Babam bu yıl 80 yaşında ve hala doktor, doktor olarak çalışıyor. Onun pratiği büyük ölçüde daha eskidir ve uzmanlığı onları sadece canlı tutmakla kalmayıp aynı zamanda canlı ve çekiştirmektir. Tiroidin dikkatle izlenmesi, folik asit seviyelerini yüksek tutarak ve kolesterolü belirli bir şekilde izleyerek yaşlanmanın yavaşlayabileceğine inanıyor. Tüm bunlar her durumda iyi bir tavsiye, ama ben her zaman hastalarına çarpıyorum ve adamım, bu insanlar titriyor. Bekleme odası Cocoon'daki havuz manzarası gibidir. Bu insanlar hala lise toplantılarına gidiyorlar. Hayatın garip yeni çemberi.
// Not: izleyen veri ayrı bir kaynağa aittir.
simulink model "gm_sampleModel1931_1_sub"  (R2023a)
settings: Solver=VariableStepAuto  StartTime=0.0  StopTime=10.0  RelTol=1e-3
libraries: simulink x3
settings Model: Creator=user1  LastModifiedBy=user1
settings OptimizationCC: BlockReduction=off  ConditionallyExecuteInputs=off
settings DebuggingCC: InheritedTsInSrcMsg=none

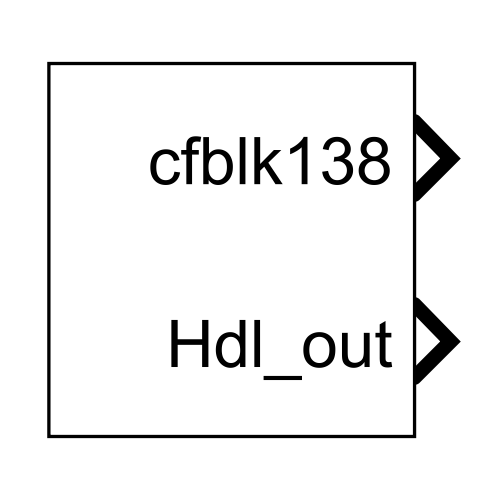
[thumbnail: Simulink's stored preview of the top-level diagram]
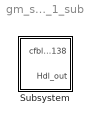
== system gm_sampleModel1931_1_sub ==
  Subsystem : Subsystem

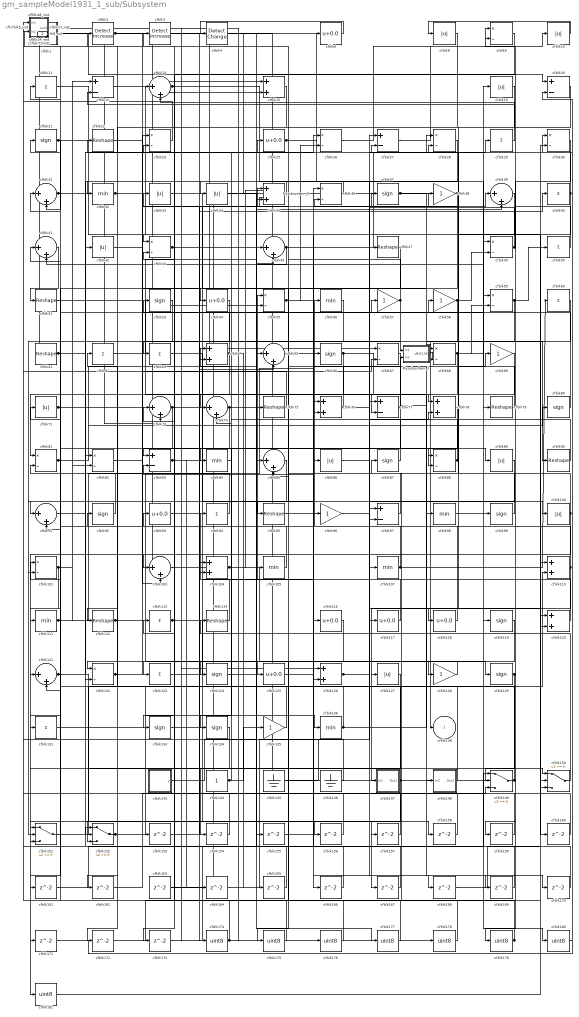
== system gm_sampleModel1931_1_sub/Subsystem ==
  Mysubsystem_1 : Subsystem
  Mysubsystem_5 : Subsystem
  cfblk1 : Subsystem  mask(Compare To Constant){relop=<=, const=double(3), OutDataTypeStr=uint8, ZeroCross=on}
      mask prompts: relop "Simulink:masks:Operator_MP"; const "Simulink:masks:ConstantValue_MP"; OutDataTypeStr "Simulink:masks:OutputDataType_MP"; ZeroCross "Simulink:masks:EnableZerocrossingDetection_MP"
      mask help: Simulink:masks:CompareToConstant_MD
      mask init:
      | OutDataTypeStr = 'uint8';
      | ZeroCross = 'on';
      | blkName = 'sampleModel1931_1_sub/Subsystem/cfblk1';
      | const = double(3);
      | const_str = '3.0';
      | const_val = double(3);
      | relop = '<=';
      | setValue = 'fixdt(0, 8)';
      | str = '<= 3';
      mask TypeOptions relop: == | ~= | < | <= | >= | >
      mask TypeOptions OutDataTypeStr: Simulink:masks:uint8 | Simulink:masks:boolean
      mask Callback ZeroCross: sl('zeroCrossEnable', gcbh);
      mask Display: disp(str)
  cfblk{8,10,19,33..34,42,71,86,89,100,127} (11 alike) : Abs  OutDataTypeStr=uint8  SaturateOnIntegerOverflow=off
  cfblk{9,23,26,28,30,36,43,49,55,59,67..68,81..82,88,101,122} (17 alike) : Product  Inputs=*/  OutDataTypeStr=uint8  RndMeth=Zero  SaturateOnIntegerOverflow=on
  cfblk102_inst : Subsystem
  cfblk{13,31,39,41,45,65,73..74,85,91,103,121} (12 alike) : Sum  Inputs=|++  OutDataTypeStr=uint8
  cfblk{15,35,64,76,78,104,110,120,126} (9 alike) : Sum  OutDataTypeStr=uint8
  cfblk{32,56,84,98,105,107,111,136} (8 alike) : MinMax  OutDataTypeStr=uint8
  cfblk106_inst : Subsystem
  cfblk{11,29,40,50,60,62..63,94,113,123,131} (11 alike) : Sum  Inputs=+  OutDataTypeStr=uint8
  cfblk{22,47,51,61,75,79,90,95,112,114} (10 alike) : Reshape
  cfblk115_inst : Subsystem
  cfblk{6,25,54,93,116..118,125} (8 alike) : Bias  Bias=0.0  SaturateOnIntegerOverflow=off
  cfblk{21,37,53,66,80,87,92,99,119,124,129,133..134} (13 alike) : Signum
  cfblk{12,20,27,77,83,97} (6 alike) : Sum  Inputs=+-  OutDataTypeStr=uint8
  cfblk{38,57..58,69,96,128,135} (7 alike) : Gain  OutDataTypeStr=uint8
  cfblk143 : Subsystem  mask(Counter Free-Running){NumBits=double(16), tsamp=double(-1)}
      mask prompts: NumBits "Simulink:masks:NumberOfBits_MP"; tsamp "Simulink:masks:SampleTime_MP"
      mask help: Simulink:masks:CounterFreeRunning_MD
  cfblk144 : Constant  OutDataTypeStr=uint8  SampleTime=-1
  cfblk145 : Ground
  cfblk146 : Ground
  cfblk147 : Subsystem
  cfblk148 : Subsystem
  cfblk{149..152} (4 alike) : Switch  OutDataTypeStr=uint8  SaturateOnIntegerOverflow=off  InputSameDT=off
  cfblk14_inst : Subsystem
  cfblk{153..173} (21 alike) : Delay  SampleTime=1
  cfblk{174..181} (8 alike) : DataTypeConversion  OutDataTypeStr=uint8  SaturateOnIntegerOverflow=off  RndMeth=Floor
  cfblk17_inst : Subsystem
  cfblk2 : simulink/Logic and Bit Operations/Detect Increase  vinit=0.0  OutDataTypeStr=uint8
      settings: LibrarySourceBlock=|
      | hdlsllib/Logic and Bit
      | Operations/Detect
      | Increase
  cfblk3 : simulink/Logic and Bit Operations/Detect Increase  vinit=0.0  OutDataTypeStr=uint8
      settings: LibrarySourceBlock=|
      | hdlsllib/Logic and Bit
      | Operations/Detect
      | Increase
  cfblk4 : simulink/Logic and Bit Operations/Detect Change  vinit=0  OutDataTypeStr=uint8
      settings: LibrarySourceBlock=|
      | hdlsllib/Logic and Bit
      | Operations/Detect
      | Change
  cfblk48_inst : Subsystem
  cfblk5_inst : Subsystem
  cfblk7_inst : Subsystem
  cfblk138 : Outport  OutDataTypeStr=uint8  SampleTime=1  VectorParamsAs1DForOutWhenUnconnected=off
  Hdl_out : Outport  Port=2  OutDataTypeStr=uint8  SampleTime=1
  wires:
  Mysubsystem_1/1(cfblk138) -> cfblk138/1
  Mysubsystem_5/1(Out1) -> cfblk163/1
  cfblk1/1(y) -> cfblk20/1
  cfblk10/1 -> cfblk8/1
  cfblk100/1 -> cfblk27/2, cfblk181/1
  cfblk101/1 -> cfblk121/1, cfblk82/2
  cfblk102_inst/1(out1) -> cfblk126/1, cfblk67/1
  cfblk103/1 -> cfblk39/1
  cfblk104/1 -> cfblk147/1(In1), Mysubsystem_5/1(In1)
  cfblk105/1 -> cfblk62/1
  cfblk106_inst/1(out1) -> cfblk176/1
  cfblk107/1 -> cfblk56/1, cfblk60/1
  cfblk11/1 -> cfblk43/1
  cfblk110/1 -> cfblk127/1, cfblk81/2
  cfblk111/1 -> cfblk83/2, cfblk12/1
  cfblk112/1 -> cfblk66/1, cfblk125/1
  cfblk113/1 -> cfblk35/1, cfblk150/1
  cfblk114/1 -> cfblk94/1
  cfblk115_inst/1(out1) -> cfblk61/1
  cfblk116/1 -> cfblk175/1
  cfblk117/1 -> cfblk55/1
  cfblk118/1 -> cfblk65/1
  cfblk119/1 -> cfblk123/1
  cfblk12/1 -> cfblk160/1
  cfblk120/1 -> cfblk104/2
  cfblk121/1 -> cfblk42/1, cfblk150/3, cfblk156/1, cfblk11/1
  cfblk122/1 -> cfblk86/1, Mysubsystem_5/2(In2)
  cfblk123/1 -> cfblk36/1
  cfblk124/1 -> cfblk58/1
  cfblk125/1 -> cfblk69/1
  cfblk126/1 -> cfblk78/2, cfblk150/2
  cfblk127/1 -> cfblk154/1
  cfblk128/1 -> cfblk122/1
  cfblk129/1 -> cfblk149/2, cfblk159/1
  cfblk13/1 -> cfblk83/1, cfblk88/2
  cfblk131/1 -> cfblk136/1
  cfblk133/1 -> cfblk167/1
  cfblk134/1 -> cfblk171/1
  cfblk135/1 -> cfblk115_inst/2(in2)
  cfblk136/1 -> cfblk97/1, cfblk5_inst/2(in2), cfblk19/1, cfblk28/2
  cfblk14_inst/1(out1) -> cfblk17_inst/1(in1)
  cfblk143/1(y) -> cfblk45/1
  cfblk144/1 -> cfblk74/2, cfblk135/1
  cfblk145/1 -> cfblk38/1
  cfblk146/1 -> cfblk5_inst/1(in1)
  cfblk147/1(Out1) -> cfblk151/3, cfblk14_inst/1(in1)
  cfblk148/1(Out1) -> cfblk115_inst/1(in1)
  cfblk149/1 -> cfblk92/1, Hdl_out/1
  cfblk15/1 -> cfblk152/3
  cfblk150/1 -> cfblk114/1
  cfblk151/1 -> cfblk85/1
  cfblk152/1 -> cfblk110/2, cfblk153/1
  cfblk153/1 -> cfblk65/2
  cfblk154/1 -> cfblk73/1
  cfblk155/1 -> cfblk76/1
  cfblk156/1 -> cfblk102_inst/1(in1)
  cfblk157/1 -> cfblk121/2
  cfblk158/1 -> cfblk43/2
  cfblk159/1 -> cfblk85/2
  cfblk160/1 -> cfblk104/1
  cfblk161/1 -> cfblk149/1
  cfblk162/1 -> cfblk149/3
  cfblk163/1 -> cfblk126/2
  cfblk164/1 -> cfblk97/2
  cfblk165/1 -> cfblk101/1
  cfblk166/1 -> cfblk152/1
  cfblk167/1 -> cfblk7_inst/2(in2)
  cfblk168/1 -> cfblk120/1
  cfblk169/1 -> cfblk23/2
  cfblk17_inst/1(out1) -> cfblk73/2
  cfblk170/1 -> cfblk14_inst/2(in2)
  cfblk171/1 -> cfblk20/2
  cfblk172/1 -> cfblk110/1
  cfblk173/1 -> cfblk35/2
  cfblk174/1 -> cfblk93/1, cfblk113/1
  cfblk175/1 -> cfblk3/1
  cfblk176/1 -> cfblk41/1
  cfblk177/1 -> cfblk106_inst/1(in1)
  cfblk178/1 -> cfblk106_inst/2(in2)
  cfblk179/1 -> cfblk87/1, cfblk75/1
  cfblk180/1 -> cfblk30/1
  cfblk181/1 -> cfblk30/2
  cfblk19/1 -> cfblk103/1
  cfblk2/1 -> cfblk13/1, cfblk88/1
  cfblk20/1 -> cfblk118/1
  cfblk21/1 -> cfblk31/2, cfblk128/1
  cfblk22/1 -> cfblk54/1
  cfblk23/1 -> cfblk102_inst/2(in2)
  cfblk25/1 -> cfblk117/1, cfblk168/1
  cfblk26/1 -> cfblk10/1
  cfblk27/1 -> cfblk9/1
  cfblk28/1 -> cfblk122/2
  cfblk29/1 -> cfblk13/2
  cfblk3/1 -> cfblk174/1
  cfblk30/1 -> cfblk179/1
  cfblk31/1 -> cfblk103/2, cfblk155/1
  cfblk32/1 -> cfblk112/1, cfblk96/1
  cfblk33/1 -> cfblk68/2
  cfblk34/1 -> cfblk89/1
  cfblk35/1 -> cfblk32/1
  cfblk36/1 -> cfblk34/1
  cfblk37/1 -> cfblk99/1, cfblk90/1
  cfblk38/1 -> cfblk91/1, cfblk36/2, cfblk1/1(u)
  cfblk39/1 -> cfblk77/2
  cfblk4/1 -> cfblk79/1
  cfblk40/1 -> cfblk78/1, cfblk2/1
  cfblk41/1 -> cfblk51/1
  cfblk42/1 -> Mysubsystem_1/1(In1)
  cfblk43/1 -> cfblk45/2, cfblk177/1
  cfblk45/1 -> cfblk41/2, cfblk29/1
  cfblk47/1 -> cfblk95/1
  cfblk48_inst/1(out1) -> cfblk178/1, cfblk55/2
  cfblk49/1 -> cfblk27/1, cfblk9/2
  cfblk5_inst/1(out1) -> cfblk15/1, cfblk105/1
  cfblk50/1 -> cfblk12/2
  cfblk51/1 -> cfblk148/1(In1)
  cfblk53/1 -> cfblk111/1
  cfblk54/1 -> cfblk151/1
  cfblk55/1 -> cfblk47/1, cfblk26/2
  cfblk56/1 -> cfblk173/1
  cfblk57/1 -> cfblk48_inst/2(in2), cfblk107/1
  cfblk58/1 -> cfblk151/2, cfblk49/2
  cfblk59/1 -> cfblk162/1, cfblk161/1, cfblk50/1
  cfblk6/1 -> cfblk4/1
  cfblk60/1 -> cfblk68/1
  cfblk61/1 -> cfblk158/1, cfblk157/1
  cfblk62/1 -> cfblk6/1
  cfblk63/1 -> cfblk166/1
  cfblk64/1 -> cfblk74/1, cfblk53/1, cfblk165/1
  cfblk65/1 -> cfblk116/1
  cfblk66/1 -> cfblk81/1, cfblk98/1
  cfblk67/1 -> cfblk170/1
  cfblk68/1 -> cfblk119/1, cfblk59/2, cfblk172/1
  cfblk69/1 -> cfblk76/2
  cfblk7_inst/1(out1) -> cfblk15/2
  cfblk71/1 -> cfblk25/1, cfblk67/2
  cfblk73/1 -> cfblk37/1, cfblk152/2
  cfblk74/1 -> cfblk91/2, cfblk49/1
  cfblk75/1 -> cfblk48_inst/1(in1)
  cfblk76/1 -> cfblk17_inst/2(in2), cfblk120/2
  cfblk77/1 -> cfblk33/1, cfblk124/1
  cfblk78/1 -> cfblk131/1
  cfblk79/1 -> cfblk57/1
  cfblk8/1 -> cfblk133/1
  cfblk80/1 -> cfblk21/1
  cfblk81/1 -> cfblk80/1, cfblk39/2, cfblk31/1
  cfblk82/1 -> cfblk59/1
  cfblk83/1 -> cfblk28/1, cfblk164/1, Mysubsystem_1/2(In2)
  cfblk84/1 -> cfblk64/1
  cfblk85/1 -> cfblk101/2
  cfblk86/1 -> cfblk129/1
  cfblk87/1 -> cfblk77/1
  cfblk88/1 -> cfblk64/2, cfblk84/1
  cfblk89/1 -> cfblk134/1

Aslında yaşlanmayı önemsemiyorum. Yaşlanmanın en iyi yanı, tanıdığınız herkesin sizinle birlikte yaşlanmasıdır. Geçen hafta çevrimiçi olarak kontrol ettim ve James Gandolfini, Leif Garrett, Michael J. Fox, Henry Rollins ve ben aynı yıl 1961'de doğdum ve evet, bu kafamda nerede hissettiğimle ilgili - dürüst ve dürüst hissediyorum. Nick Lachey'in 1961'de doğduğunu keşfetirsem gerçekten korkmuş olurdum.

Kulağa bariz geliyor, ama… yaşlanıyoruz. Gençlerimiz bittiğinde unutacağımız ilk şeylerden biri ve koltuk altlarımızdaki tüyleri saymayı bıraktık. Yaşlanmayı korkutmak, sadece herkesin değişime dayanıklı hiperbarik bir odada yaşadığına dair yanlış varsayım yaparsanız, iç karartıcı veya komik veya acıklı olur.

Elbette bilmiyorlar. Hepimiz zaman makinesinin içinde kilitliyiz ve hepimiz aynı hedefe gidiyoruz. Az önce kontrol ettim: Tom Cruise 1962'de doğdu.